WHEN YOUR STUPID PIRANHA GETS THAT BIG, GIVE ME A CALL

1-(800)-GAR-FISHing


----------



## Atlanta Braves Baby! (Mar 12, 2003)

When you get an aquarium to fit him in alive give me a call!


----------



## Lyle (Jan 29, 2003)

That thing looks like it has been dead for 3 months


----------



## Husky_Jim (May 26, 2003)

Don't bother with him he is F#$^@ING Beavis.......

Jim


----------



## Innes (Jan 13, 2003)

well at least this is a sensible thread, and one ugly fish!!!


----------



## Poseidon X (Jan 31, 2003)

that actually pretty funny lol


----------



## Death in #'s (Apr 29, 2003)

what an idiot


----------



## jahnke31 (Dec 4, 2003)

dumba#$!!!!


----------



## cfr3 (Feb 20, 2003)

Thrasher said:


> WHEN YOUR STUPID PIRANHA GETS THAT BIG, GIVE ME A CALL


 I am going to guess that this is a picture of you. I got a piece of advice: get a job. Maybe then you can afford a haircut, some normal clothes and impress some girls so you can stop banging your sister. You obviously get too much enjoyment out of being a douche-bag. Hey buddy I'll let you in on something, your life... its not very good. If I were you, kill yourself now and save the world the pain of your existence.


----------



## Kory (Jun 5, 2003)

thats not him in that picture.

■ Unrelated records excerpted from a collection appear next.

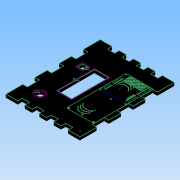
# Autodesk Inventor part: LCDWall
Saved by Autodesk Inventor 2015 (Build 190159000, 159)
## iProperties
Created: 2014-11-11
Part Number: LCDWall
Material: Generic
Document SubType Name: Modeling
Designer: 0
Density: 1 g/cm^3
Appearance: Plywood - Weathered
Mass: 139.736 g
Surface Area: 525.879 cm^2
Volume: 139.736 cm^3
Author: 0
Autodesk Inventor part; units mm, degrees
(part 1 of 2)
ref_plane "YZ Plane" through (0, 0, 0) normal (1, 0, 0) x (0, 1, 0)
ref_plane "XZ Plane" through (0, 0, 0) normal (0, 1, 0) x (-1, 0, 0)
ref_plane "XY Plane" through (0, 0, 0) normal (0, 0, 1) x (1, 0, 0)
sketch "Sketch1" plane through (0, 0, 0) normal (0, 1, 0) x (-1, 0, 0)
  line L0 (0, 0) -> (127, 0)
  line L1 (127, 0) -> (127, -166.624)
  line L2 (127, -166.624) -> (0, -166.624)
  line L3 (0, -166.624) -> (0, 0)
  dimension "BoxHeight" = 127
  dimension "d1" = 166.624
  constraints: 8 end point, 2 parallel, 1 coincident, 1 horizontal, 1 perpendicular
  measures "BoxHeight" distance of L1.end L2.end
  measures "d1" distance of L0.end L1.end
sketch "Sketch2" plane through (0, 0, 0) normal (0, 1, 0) x (-1, 0, 0)
  line L0 (0, 0) -> (-8.89, 0)
  line L1 (-8.89, 0) -> (-8.89, -23.8034)
  line L2 (-8.89, -23.8034) -> (0, -23.8034)
  line L3 (0, -23.8034) -> (0, 0)
  line L4 (0, -166.624) -> (0, 0) projected
  line L5 (0, 0) -> (127, 0) projected
  line L6 (0, -47.6069) -> (-8.89, -47.6069)
  line L7 (-8.89, -47.6069) -> (-8.89, -71.4103)
  line L8 (-8.89, -71.4103) -> (0, -71.4103)
  line L9 (0, -71.4103) -> (0, -47.6069)
  line L10 (0, -95.2137) -> (-8.89, -95.2137)
  line L11 (-8.89, -95.2137) -> (-8.89, -119.0171)
  line L12 (-8.89, -119.0171) -> (0, -119.0171)
  line L13 (0, -119.0171) -> (0, -95.2137)
  line L14 (63.5, 0) -> (63.5, -115.824) construction
  line L15 (127, -23.8034) -> (127, 0)
  line L16 (127, -166.624) -> (127, 0)
  line L17 (127, -71.4103) -> (127, -47.6069)
  line L18 (127, -119.0171) -> (127, -95.2137)
  line L19 (28.2222, -166.624) -> (14.1111, -166.624)
  line L20 (14.1111, -166.624) -> (14.1111, -175.514)
  line L21 (14.1111, -175.514) -> (28.2222, -175.514)
  line L22 (28.2222, -175.514) -> (28.2222, -166.624)
  line L23 (127, -166.624) -> (0, -166.624) projected
  line L24 (56.4444, -166.624) -> (42.3333, -166.624)
  line L25 (42.3333, -166.624) -> (42.3333, -175.514)
  line L26 (42.3333, -175.514) -> (56.4444, -175.514)
  line L27 (56.4444, -175.514) -> (56.4444, -166.624)
  line L28 (84.6667, -166.624) -> (70.5556, -166.624)
  line L29 (70.5556, -166.624) -> (70.5556, -175.514)
  line L30 (70.5556, -175.514) -> (84.6667, -175.514)
  line L31 (84.6667, -175.514) -> (84.6667, -166.624)
  line L32 (112.8889, -166.624) -> (98.7778, -166.624)
  line L33 (98.7778, -166.624) -> (98.7778, -175.514)
  line L34 (98.7778, -175.514) -> (112.8889, -175.514)
  line L35 (112.8889, -175.514) -> (112.8889, -166.624)
  line L36 (127, -83.312) -> (0, -83.312) construction
  line L37 (63.5, -166.624) -> (63.5, -50.8) construction
  line L38 (28.2222, 0) -> (14.1111, 0)
  line L39 (14.1111, 0) -> (14.1111, 8.89)
  line L40 (14.1111, 8.89) -> (28.2222, 8.89)
  line L41 (28.2222, 8.89) -> (28.2222, 0)
  line L42 (127, 0) -> (0, 0)
  line L43 (56.4444, 0) -> (42.3333, 0)
  line L44 (42.3333, 0) -> (42.3333, 8.89)
  line L45 (42.3333, 8.89) -> (56.4444, 8.89)
  line L46 (56.4444, 8.89) -> (56.4444, 0)
  line L47 (84.6667, 0) -> (70.5556, 0)
  line L48 (70.5556, 0) -> (70.5556, 8.89)
  line L49 (84.6667, 8.89) -> (84.6667, 0)
  line L50 (70.5556, 8.89) -> (84.6667, 8.89)
  line L51 (112.8889, 0) -> (98.7778, 0)
  line L52 (98.7778, 0) -> (98.7778, 8.89)
  line L53 (112.8889, 8.89) -> (112.8889, 0)
  line L54 (98.7778, 8.89) -> (112.8889, 8.89)
  line L55 (0, -142.8206) -> (-8.89, -142.8206)
  line L56 (-8.89, -142.8206) -> (-8.89, -159.3669)
  line L57 (-8.89, -159.3669) -> (0, -159.3669)
  line L58 (0, -159.3669) -> (0, -142.8206)
  line L59 (127, -166.624) -> (127, 0)
  line L60 (127, 0) -> (135.89, 0)
  line L61 (135.89, 0) -> (135.89, -23.8034)
  line L62 (135.89, -23.8034) -> (127, -23.8034)
  line L63 (127, -23.8034) -> (127, 0)
  line L64 (127, -166.624) -> (127, 0)
  line L65 (127, -47.6069) -> (135.89, -47.6069)
  line L66 (135.89, -47.6069) -> (135.89, -71.4103)
  line L67 (135.89, -71.4103) -> (127, -71.4103)
  line L68 (127, -71.4103) -> (127, -47.6069)
  line L69 (127, -95.2137) -> (135.89, -95.2137)
  line L70 (135.89, -95.2137) -> (135.89, -119.0171)
  line L71 (135.89, -119.0171) -> (127, -119.0171)
  line L72 (127, -119.0171) -> (127, -95.2137)
  line L73 (135.89, -142.8206) -> (135.89, -159.3669)
  line L74 (127, -142.8206) -> (135.89, -142.8206)
  line L75 (127, -159.3669) -> (127, -142.8206)
  line L76 (135.89, -159.3669) -> (127, -159.3669)
  line L77 (14.1111, -175.514) -> (0, -175.514)
  line L78 (0, -175.514) -> (0, -159.3669)
  line L79 (0, -159.3669) -> (14.1111, -159.3669)
  line L80 (14.1111, -159.3669) -> (14.1111, -175.514)
  line L81 (28.2222, -175.514) -> (42.3333, -175.514)
  line L82 (42.3333, -175.514) -> (42.3333, -166.624)
  line L83 (42.3333, -166.624) -> (28.2222, -166.624)
  line L84 (28.2222, -166.624) -> (28.2222, -175.514)
  line L85 (56.4444, -175.514) -> (70.5556, -175.514)
  line L86 (70.5556, -175.514) -> (70.5556, -166.624)
  line L87 (70.5556, -166.624) -> (56.4444, -166.624)
  line L88 (56.4444, -166.624) -> (56.4444, -175.514)
  line L89 (84.6667, -175.514) -> (98.7778, -175.514)
  line L90 (98.7778, -175.514) -> (98.7778, -166.624)
  line L91 (98.7778, -166.624) -> (84.6667, -166.624)
  line L92 (84.6667, -166.624) -> (84.6667, -175.514)
  line L93 (112.8889, -175.514) -> (127, -175.514)
  line L94 (127, -175.514) -> (127, -159.3669)
  line L95 (127, -159.3669) -> (112.8889, -159.3669)
  line L96 (112.8889, -159.3669) -> (112.8889, -175.514)
  line L97 (112.8889, 0) -> (127, 0)
  line L98 (127, 0) -> (127, 8.89)
  line L99 (127, 8.89) -> (112.8889, 8.89)
  line L100 (112.8889, 8.89) -> (112.8889, 0)
  line L101 (98.7778, 8.89) -> (84.6667, 8.89)
  line L102 (84.6667, 8.89) -> (84.6667, 0)
  line L103 (84.6667, 0) -> (98.7778, 0)
  line L104 (98.7778, 0) -> (98.7778, 8.89)
  line L105 (70.5556, 8.89) -> (56.4444, 8.89)
  line L106 (56.4444, 8.89) -> (56.4444, 0)
  line L107 (56.4444, 0) -> (70.5556, 0)
  line L108 (70.5556, 0) -> (70.5556, 8.89)
  line L109 (42.3333, 8.89) -> (28.2222, 8.89)
  line L110 (28.2222, 8.89) -> (28.2222, 0)
  line L111 (28.2222, 0) -> (42.3333, 0)
  line L112 (42.3333, 0) -> (42.3333, 8.89)
  line L113 (14.1111, 8.89) -> (0, 8.89)
  line L114 (0, 8.89) -> (0, 0)
  line L115 (0, 0) -> (14.1111, 0)
  line L116 (14.1111, 0) -> (14.1111, 8.89)
  line L117 (0, 0) -> (-8.89, 0)
  line L118 (-8.89, 0) -> (-8.89, 8.89)
  line L119 (-8.89, 8.89) -> (0, 8.89)
  line L120 (0, 8.89) -> (0, 0)
  line L121 (0, -159.3669) -> (-8.89, -159.3669)
  line L122 (-8.89, -159.3669) -> (-8.89, -168.2569)
  line L123 (-8.89, -168.2569) -> (0, -168.2569)
  line L124 (0, -168.2569) -> (0, -159.3669)
  line L125 (127, -159.3669) -> (135.89, -159.3669)
  line L126 (135.89, -159.3669) -> (135.89, -168.2569)
  line L127 (135.89, -168.2569) -> (127, -168.2569)
  line L128 (127, -168.2569) -> (127, -159.3669)
  line L129 (127, 0) -> (135.89, 0)
  line L130 (135.89, 0) -> (135.89, 8.89)
  line L131 (135.89, 8.89) -> (127, 8.89)
  line L132 (127, 8.89) -> (127, 0)
  line L133 (135.89, -168.2569) -> (127, -168.2569)
  line L134 (127, -168.2569) -> (127, -175.514)
  line L135 (127, -175.514) -> (135.89, -175.514)
  line L136 (135.89, -175.514) -> (135.89, -168.2569)
  line L137 (0, -175.514) -> (-8.89, -175.514)
  line L138 (-8.89, -175.514) -> (-8.89, -168.2569)
  line L139 (-8.89, -168.2569) -> (0, -168.2569)
  line L140 (0, -168.2569) -> (0, -175.514)
  dimension "d2" = 8.89
  dimension "d3" = 23.8034
  dimension "d5" = 8.89
  dimension "d6" = 23.8034
  dimension "d7" = 23.8034
  dimension "d8" = 8.89
  dimension "d9" = 23.8034
  dimension "d10" = 23.8034
  dimension "d11" = 14.1111
  dimension "d12" = 127
  dimension "d13" = 14.1111
  dimension "d14" = 8.89
  dimension "d15" = 8.89
  dimension "d16" = 14.1111
  dimension "d17" = 8.89
  dimension "d18" = 14.1111
  dimension "d22" = 8.89
  dimension "d23" = 14.1111
  dimension "d27" = 14.1111
  dimension "d28" = 14.1111
  dimension "d29" = 14.1111
  dimension "d34" = 8.89
  dimension "d35" = 16.5463
  dimension "d40" = 23.8034
  dimension "d41" = 8.89
  dimension "d42" = 8.89
  dimension "d43" = 8.89
  dimension "d44" = 8.89
  dimension "d45" = 8.89
  dimension "d46" = 8.89
  dimension "d47" = 8.89
  dimension "d48" = 8.89
  constraints: 276 end point, 48 parallel, 43 symmetric about line, 24 horizontal, 24 perpendicular, 9 collinear, 2 midpoint, 1 point on line, 1 vertical
  measures "d2" distance of L1.end L2.end
  measures "d3" distance of L0.end L1.end
  measures "d5" distance of L7.end L8.end
  measures "d6" distance of L6.end L7.end
  measures "d7" distance between parallel lines of L2 L6
  measures "d8" distance of L10.start L10.end
  measures "d9" distance of L10.end L11.end
  measures "d10" distance between parallel lines of L8 L10
  measures "d11" distance between parallel lines of L4 L20
  measures "d12" distance of L23.start L4.start
  measures "d13" distance of L20.end L21.end
  measures "d14" distance of L19.end L20.end
  measures "d15" distance of L24.end L25.end
  measures "d16" distance of L25.end L26.end
  measures "d17" distance of L28.end L29.end
  measures "d18" distance of L29.end L31.start
  measures "d22" distance of L32.end L33.end
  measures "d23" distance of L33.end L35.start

It has already been posted on here a few times before beavis was here.


----------



## crazyklown89 (Aug 28, 2003)

that gar is like 25 years old too..........a human would kill it by 10 years old


----------



## mattmatt123 (Nov 13, 2003)

that looks fake it looks like it has the head of a cruckadial


----------



## piranha45 (Apr 8, 2003)

mattmatt123 said:


> that looks fake it looks like it has the head of a cruckadial


 they call those fish 'alligator gars' for a reason


----------



## crazyklown89 (Aug 28, 2003)

hahahaha thats fake.............yea right

lol predatory and crocodile have been spelt wrong.....


----------



## Polypterus (May 4, 2003)

Has'nt this pic poped up now at least three times here,
Innes what are you calling an ugly fish
when it was live it was magnificent


----------



## Vampor (Feb 15, 2003)

> Innes what are you calling an ugly fish
> when it was live it was magnificent


'totally agree, stupid ******* he probably didnt even eat it...


----------



## Innes (Jan 13, 2003)

Polypterus said:


> Has'nt this pic poped up now at least three times here,
> Innes what are you calling an ugly fish
> when it was live it was magnificent
> 
> ...


 yes, but ugly in the hands of the twat in the pic


----------



## Atlanta Braves Baby! (Mar 12, 2003)

wow this thread is back.


----------



## piranha45 (Apr 8, 2003)

damnit vampor quit resurrecting this dead sh*t


----------



## JYUB (Dec 19, 2003)

its a nice big fish, for me 2 poop on!


----------



## Kory (Jun 5, 2003)

obieinctown said:


> its a nice big fish, for me 2 poop on!


 That was intelligent.


----------



## acestro (Jul 7, 2003)

may be time to close this thread....?


----------



## lament configuration (Jun 22, 2003)

yeah close it down .


----------



## acestro (Jul 7, 2003)

I can't in this particular forum, INNES!!!!


----------



## piranha45 (Apr 8, 2003)

INS MAKE THREAD NO WORK NO MORE


----------



## crazyklown89 (Aug 28, 2003)

this is by far the dumbest thread in Non Piranha

we're usually the intellectual forum on P fury

hell we got poly, acestro, crockeeper, and p45's occasionaly wise tidbits


----------



## Innes (Jan 13, 2003)

acestro said:


> I can't in this particular forum, INNES!!!!


----------